A Arte de Damián Ayma Zepita Chega à Bienal do Mercosul

A Arte de Damián Ayma Zepita Chega à Bienal do Mercosul

A poderosa obra visual do fotógrafo aimará dialoga com obras de sessenta artistas latino-americanos e caribenhos na 14ª Bienal do Mercosul, uma das plataformas mais significativas para a arte contemporânea na América Latina. Damián Ayma Zepita capturou as realidades cotidianas e cerimoniais de comunidades rurais no planalto boliviano. Seu arquivo, agora abrigado pelo MUSEF (Museu Nacional de História Natural), é composto por mais de 18.000 negativos, placas de vidro e fotografias impressas, muitas das quais nunca vistas fora da Bolívia.



Em meio a um cenário profundamente comovente, marcado pela força da natureza e pela resiliência do povo brasileiro, a Bolívia está presente na 14ª Bienal do Mercosul, uma das plataformas mais significativas para a arte contemporânea na América Latina, com a poderosa obra visual de Damián Ayma Zepita, fotógrafo aimará que durante décadas documentou a vida e a espiritualidade andinas a partir de uma perspectiva privilegiada.

A exposição, cuja inauguração estava prevista para 12 de setembro de 2024, em Porto Alegre, foi adiada devido às enchentes sem precedentes que atingiram todo o estado do Rio Grande do Sul.
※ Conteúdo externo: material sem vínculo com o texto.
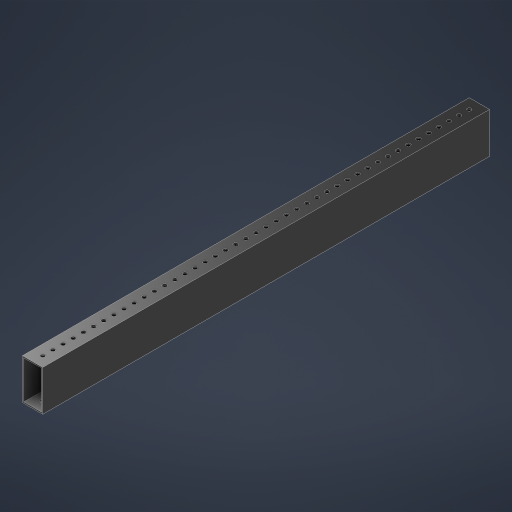
# Autodesk Inventor part: 6993, 22 in
Saved by Autodesk Inventor 2023 (Build 270158000, 158)
## iProperties
RuleStatus: InUse
Created: 2021-12-25
Part Number: 6993, 22 in
Material: Aluminum 6061
Document SubType Name: Modeling
Density: 2.7 g/cm^3
Appearance: Glossy - Black
AfterDocNew0: Configure
Autodesk Inventor part; units mm, degrees
ref_plane "YZ Plane" through (0, 0, 0) normal (1, 0, 0) x (0, 1, 0)
ref_plane "XZ Plane" through (0, 0, 0) normal (0, 1, 0) x (-1, 0, 0)
ref_plane "XY Plane" through (0, 0, 0) normal (0, 0, 1) x (1, 0, 0)
sketch "Sketch1" plane through (0, 0, 0) normal (0, 0, 1) x (1, 0, 0)
  line L0 (-12.7, -25.4) -> (12.7, -25.4)
  line L1 (12.7, -25.4) -> (12.7, 25.4)
  line L2 (12.7, 25.4) -> (-12.7, 25.4)
  line L3 (-12.7, 25.4) -> (-12.7, -25.4)
  line L4 (-12.7, -25.4) -> (12.7, 25.4) construction
  line L5 (12.7, -25.4) -> (-12.7, 25.4) construction
  line L6 (-11.1125, -23.8125) -> (11.1125, -23.8125)
  line L7 (11.1125, -23.8125) -> (11.1125, 23.8125)
  line L8 (11.1125, 23.8125) -> (-11.1125, 23.8125)
  line L9 (-11.1125, 23.8125) -> (-11.1125, -23.8125)
  point P0 (0, 0)
  dimension "d0" = 25.4
  dimension "d1" = 50.8
  dimension "d2" = 1.5875
  constraints: 20 end point, 4 parallel, 2 midpoint, 2 perpendicular, 1 horizontal, 3 other
  measures "d0" distance of L2.end L1.end
  measures "d1" distance of L1.end L0.end
  measures "d2" distance between parallel lines of L3 L9
extrude "BaseTube" add sketch "Sketch1" along normal mid plane 558.8
sketch "TopPoint" plane through (-12.7, 25.4, 279.4) normal (0, 1, 0) x (1, 0, 0)
  line L0 (25.4, 0) -> (0, 0) projected
  line L1 (0, 558.8) -> (0, 0) projected
  point P0 (12.7, 12.7)
  dimension "TLE_" = 12.7
  dimension "TWE_" = 12.7
  measures "TLE_" distance from line of L0 point (12.7, 12.7)
  measures "TWE_" distance from line of L1 point (12.7, 12.7)
sketch "SidePoint" plane through (12.7, -25.4, 279.4) normal (1, 0, 0) x (0, 0, -1)
  line L0 (0, 0) -> (0, 50.8) projected
  line L1 (558.8, 50.8) -> (0, 50.8) projected
  point P0 (12.7, 38.1)
  dimension "SLE_" = 12.7
  dimension "SWE_" = 12.7
  measures "SLE_" distance from line of point (12.7, 38.1) L0
  measures "SWE_" distance from line of point (12.7, 38.1) L1
hole "TopHole" at (0, 25.4, 266.7) direction (0, -1, 0) diameter 4.9784 end through all
hole "SideHole" [suppressed]
pattern_linear "TopPattern" count 22 spacing 12.7 along (0, 0, -1) of "TopHole"
pattern_linear "SidePattern" [suppressed]
mirror "TopMirror" about plane through (0, 0, 0) normal (0, 0, 1) of "TopHole", "TopPattern"
mirror "SideMirror" [suppressed]
sketch "Sketch4" plane through (-12.7, 25.4, 279.4) normal (0, 1, 0) x (1, 0, 0)
  line L0 (25.4, 558.8) -> (25.4, 0) projected
  line L1 (25.4, 0) -> (0, 0) projected
  line L2 (0, 558.8) -> (25.4, 558.8) projected
  line L3 (0, 558.8) -> (0, 0) projected
  line L4 (0, 0) -> (25.4, 25.4)
  line L5 (0, 558.8) -> (25.4, 533.4)
  dimension "d36" = 25.4
  constraints: 4 end point, 2 point on line, 1 perpendicular
  measures "d36" distance from line of L1 L4.end
extrude "CornerCut" [suppressed]
sketch "Sketch5" plane through (12.7, -25.4, 279.4) normal (1, 0, 0) x (0, 0, -1)
  circle A0 centre (31.75, 25.4) radius 14.2875
  line L0 (0, 0) -> (0, 50.8) projected
  point P0 (0, 25.4)
  dimension "d39" = 28.575
  dimension "d40" = 31.75
  constraints: 1 centre point, 1 horizontal alignment, 1 midpoint
  measures "d39" diameter of A0
  measures "d40" distance from line of A0.centre L0
extrude "FrontBearingHole" [suppressed]
sketch "Sketch6" plane through (12.7, -25.4, 279.4) normal (1, 0, 0) x (0, 0, -1)
  circle A0 centre (527.05, 25.4) radius 14.2875
  line L0 (558.8, 50.8) -> (558.8, 0) projected
  point P0 (558.8, 25.4)
  dimension "d43" = 28.575
  dimension "d44" = 31.75
  constraints: 1 centre point, 1 horizontal alignment, 1 midpoint
  measures "d43" diameter of A0
  measures "d44" distance from line of L0 A0.centre
extrude "BackBearingHole" [suppressed]
sketch "Drivetrain" plane through (0, -25.4, 254) normal (1, 0, 0) x (0, 0, -1)
  circle A0 centre (-46.0312, 25.4) radius 14.2875
  circle A1 centre (153.9875, 23.8125) radius 14.2875
  line L0 (533.4, 50.8) -> (-25.4, 50.8) construction
  line L1 (533.4, 0) -> (-25.4, 0) construction
  arc A2 (-45.8868, 43.5908) -> (-46.1756, 7.2092) centre (-46.0312, 25.4) ccw construction
  arc A3 (153.8431, 5.6217) -> (154.1319, 42.0033) centre (153.9875, 23.8125) ccw construction
  line L2 (-45.8868, 43.5908) -> (154.1319, 42.0033) construction
  line L3 (153.8431, 5.6217) -> (-46.1756, 7.2092) construction
  circle A4 centre (-46.0312, 25.4) radius 50.8 construction
  circle A5 centre (153.9875, 23.8125) radius 50.8 construction
  circle A6 centre (354.0125, 23.8125) radius 50.8 construction
  circle A7 centre (554.0312, 25.4) radius 50.8 construction
  line L4 (254, 50.8) -> (254, 0) construction
  line L5 (153.9875, 23.8125) -> (354.0125, 23.8125) construction
  line L6 (153.9875, 5.6211) -> (354.0125, 5.6211) construction
  line L7 (354.0125, 42.0039) -> (153.9875, 42.0039) construction
  arc A8 (153.9875, 42.0039) -> (153.9875, 5.6211) centre (153.9875, 23.8125) ccw construction
  arc A9 (354.0125, 5.6211) -> (354.0125, 42.0039) centre (354.0125, 23.8125) ccw construction
  circle A10 centre (-69.8437, 25.4) radius 2.4892
  circle A11 centre (130.175, 23.8125) radius 2.4892
  circle A12 centre (-62.8692, 8.562) radius 2.4892
  circle A13 centre (-46.0312, 1.5875) radius 2.4892 construction
  circle A14 centre (-29.1932, 8.562) radius 2.4892
  circle A15 centre (-22.2187, 25.4) radius 2.4892
  circle A16 centre (-29.1932, 42.238) radius 2.4892
  circle A17 centre (-46.0312, 49.2125) radius 2.4892 construction
  circle A18 centre (-62.8692, 42.238) radius 2.4892
  circle A19 centre (137.1495, 6.9745) radius 2.4892
  circle A20 centre (153.9875, 0) radius 2.4892 construction
  circle A21 centre (170.8255, 6.9745) radius 2.4892
  circle A22 centre (177.8, 23.8125) radius 2.4892
  circle A23 centre (170.8255, 40.6505) radius 2.4892
  circle A24 centre (153.9875, 47.625) radius 2.4892 construction
  circle A25 centre (137.1495, 40.6505) radius 2.4892
  circle A26 centre (-7.9312, 26.9875) radius 2.4892
  circle A27 centre (-7.9312, 26.9875) radius 4.7625
  circle A28 centre (192.0875, 26.9875) radius 2.4892
  circle A29 centre (192.0875, 26.9875) radius 4.7625
  circle A30 centre (296.8436, 23.8125) radius 2.4892
  circle A31 centre (411.1436, 23.8125) radius 2.4892
  circle A32 centre (296.8436, 23.8125) radius 4.7625
  circle A33 centre (411.1436, 23.8125) radius 4.7625
  line L8 (533.4, 50.8) -> (-25.4, 50.8) projected
  line L9 (260.35, 50.8) -> (260.35, 0) construction
  line L10 (-25.4, 50.8) -> (-25.4, 0) projected
  circle A34 centre (321.7831, -7114.6072) radius 1.0724
  circle A35 centre (321.7831, -7114.6072) radius 5.5468
  circle A36 centre (330.1811, 23.8125) radius 4.7625
  circle A37 centre (330.1811, 23.8125) radius 2.4892
  circle A38 centre (377.8061, 23.8125) radius 2.4892
  circle A39 centre (377.8061, 23.8125) radius 4.7625
  point P0 (254, 23.8125)
  point P1 (353.9936, 23.8125)
  point P2 (254, 25.4)
  dimension "d6" = 4.9784
  dimension "d47" = 28.575
  dimension "d52" = 25.4
  dimension "d64" = 26.9875
  dimension "d68" = 36.3828
  dimension "d69" = 57.15
  dimension "d70" = 200.025
  dimension "d71" = 57.15
  dimension "DTOuter" = 200.025
  dimension "d74" = 101.6
  dimension "d186" = 38.1
  dimension "d189" = 38.1
  dimension "d190" = 23.8125
  dimension "d306" = 57.15
  dimension "d307" = 200.025
  dimension "d308" = 57.15
  dimension "d310" = 4.9784
  dimension "d313" = 360
  dimension "d317" = 360
  dimension "d319" = 47.625
  dimension "d320" = 47.625
  dimension "d321" = 4.9784
  dimension "d322" = 9.525
  dimension "d331" = 4.9784
  dimension "d334" = 360
  dimension "d336" = 114.3
  dimension "GB_Height" = 26.9875
  dimension "GB_Front_Bearing_Height" = 1.5875
  dimension "d340" = 9.525
  dimension "d345" = 6.35
  dimension "DTInner" = 106.3625
  dimension "GB_Front_Bearing_Dist" = 379.3936
  dimension "d349" = -20.6312
  dimension "d350" = 47.625
  dimension "d351" = 33.3375
  dimension "d352" = 33.3375
  constraints: 40 centre point, 16 end point, 14 equal radius, 13 coincident, 8 horizontal alignment, 8 point on circle, 8 tangent, 3 midpoint, 2 parallel, 2 point on line, 2 symmetric about line, 1 horizontal, 1 perpendicular, 39 other
  measures "d47" diameter of A0
  measures "d52" distance from line of A0.centre L0
  measures "d64" distance from line of A1.centre L0
  measures "d68" diameter of A2
  measures "d70" distance of L3.start L3.end
  measures "DTOuter" distance of L2.start L2.end
  measures "d74" diameter of A4
  measures "d186" horizontal distance of A0.centre point (-7.931, 26.988)
  measures "d189" horizontal distance of point (192.087, 26.988) A1.centre
  measures "d190" distance from line of L0 point (-7.931, 26.988)
  measures "d307" distance of L6.start L6.end
  measures "d310" diameter of A10
  measures "d319" distance of A10.centre A15.centre
  measures "d320" distance of A22.centre A11.centre
  measures "d321" diameter of A26
  measures "d322" diameter of A27
  measures "d331" diameter of A30
  measures "d336" distance of A30.centre A31.centre
  measures "GB_Height" distance from line of point (353.994, 23.812) L0
  measures "GB_Front_Bearing_Height" vertical distance of A0.centre point (353.994, 23.812)
  measures "d340" diameter of A32
  measures "d345" distance between parallel lines of L9 L4
  measures "DTInner" distance from line of A1.centre L9
  measures "GB_Front_Bearing_Dist" horizontal distance of L0.end point (353.994, 23.812)
  measures "d349" distance from line of A0.centre L10
  measures "d350" distance of A39.centre A36.centre
  measures "d351" distance of A33.centre A38.centre
  measures "d352" distance of A30.centre A36.centre
extrude "Bearings" [suppressed]
extrude "BearingBlocks" [suppressed]
extrude "InsideCams" [suppressed]
extrude "OutsideCams" [suppressed]
mirror "DTMirror" [suppressed]
extrude "InsideGB" [suppressed]
extrude "OutsideGB" [suppressed]
feature "FrontGBCamDelete" [suppressed]
feature "FrontMidGBCamDelete" [suppressed]
feature "BackMidGBCamDelete" [suppressed]
feature "BackGBCamDelete" [suppressed]
equation "\"d0\" = Width"
equation "\"d1\" = Height"
equation "\"d2\" = Wall"
equation "\"d3\" = Length"
equation "\"d6\" = HoleSize"
equation "\"Height\" = 50.8"
equation "\"Width\" = 25.4"
equation "\"Wall\" = 1.5875"
equation "\"Length\" = 558.8"
equation "\"Top_Lengthwise_Space\" = 12.7"
equation "\"Top_Widthwise_Space\" = 12.7"
equation "\"Top_Lengthwise_Edge\" = 12.7"
equation "\"Top_Widthwise_Edge\" = 12.7"
equation "\"Side_Lengthwise_Edge\" = 12.7"
equation "\"Side_Widthwise_Edge\" = 12.7"
equation "\"Side_Lengthwise_Space\" = 12.7"
equation "\"Side_Widthwise_Space\" = 12.7"
equation "\"DT_Outer_Default\" = 200.025"
equation "\"DT_Inner_Default\" = 200.025"
equation "\"HoleSize\" = 4.9784"
body "Solid1"

Chuvas intensas e constantes causaram rompimentos de barragens, transbordamentos de rios e deslocamentos em massa da população. A cidade, sede histórica da Bienal desde sua criação em 1997, foi palco de uma tragédia que deixou milhares de desabrigados, mortos e desaparecidos.

 



Diante desse contexto, a Fundação Bienal do Mercosul decidiu adiar sua inauguração, anunciando que havia grande probabilidade de remarcar o evento para 2025. E assim foi. Desde 27 de março, o Museu Nacional de Etnografia e Folclore (MUSEF) projeta-se no cenário continental com fotografias de seu arquivo patrimonial, tiradas por Damián Ayma Zepita (1921-1999), cronista visual aimará que dedicou sua vida a registrar as realidades cotidianas e cerimoniais das comunidades rurais do planalto boliviano. Sua obra — declarada Memória do Mundo em 2019 pelo Programa MOWLAC da UNESCO — representa não apenas um testemunho documental, mas também um ato de soberania estética dos povos indígenas. As imagens, selecionadas pela equipe curatorial da Bienal sob o conceito "Estalo", fazem parte de um corpus visual que desafia as narrativas visuais coloniais e posiciona os sujeitos indígenas como produtores de história e estética.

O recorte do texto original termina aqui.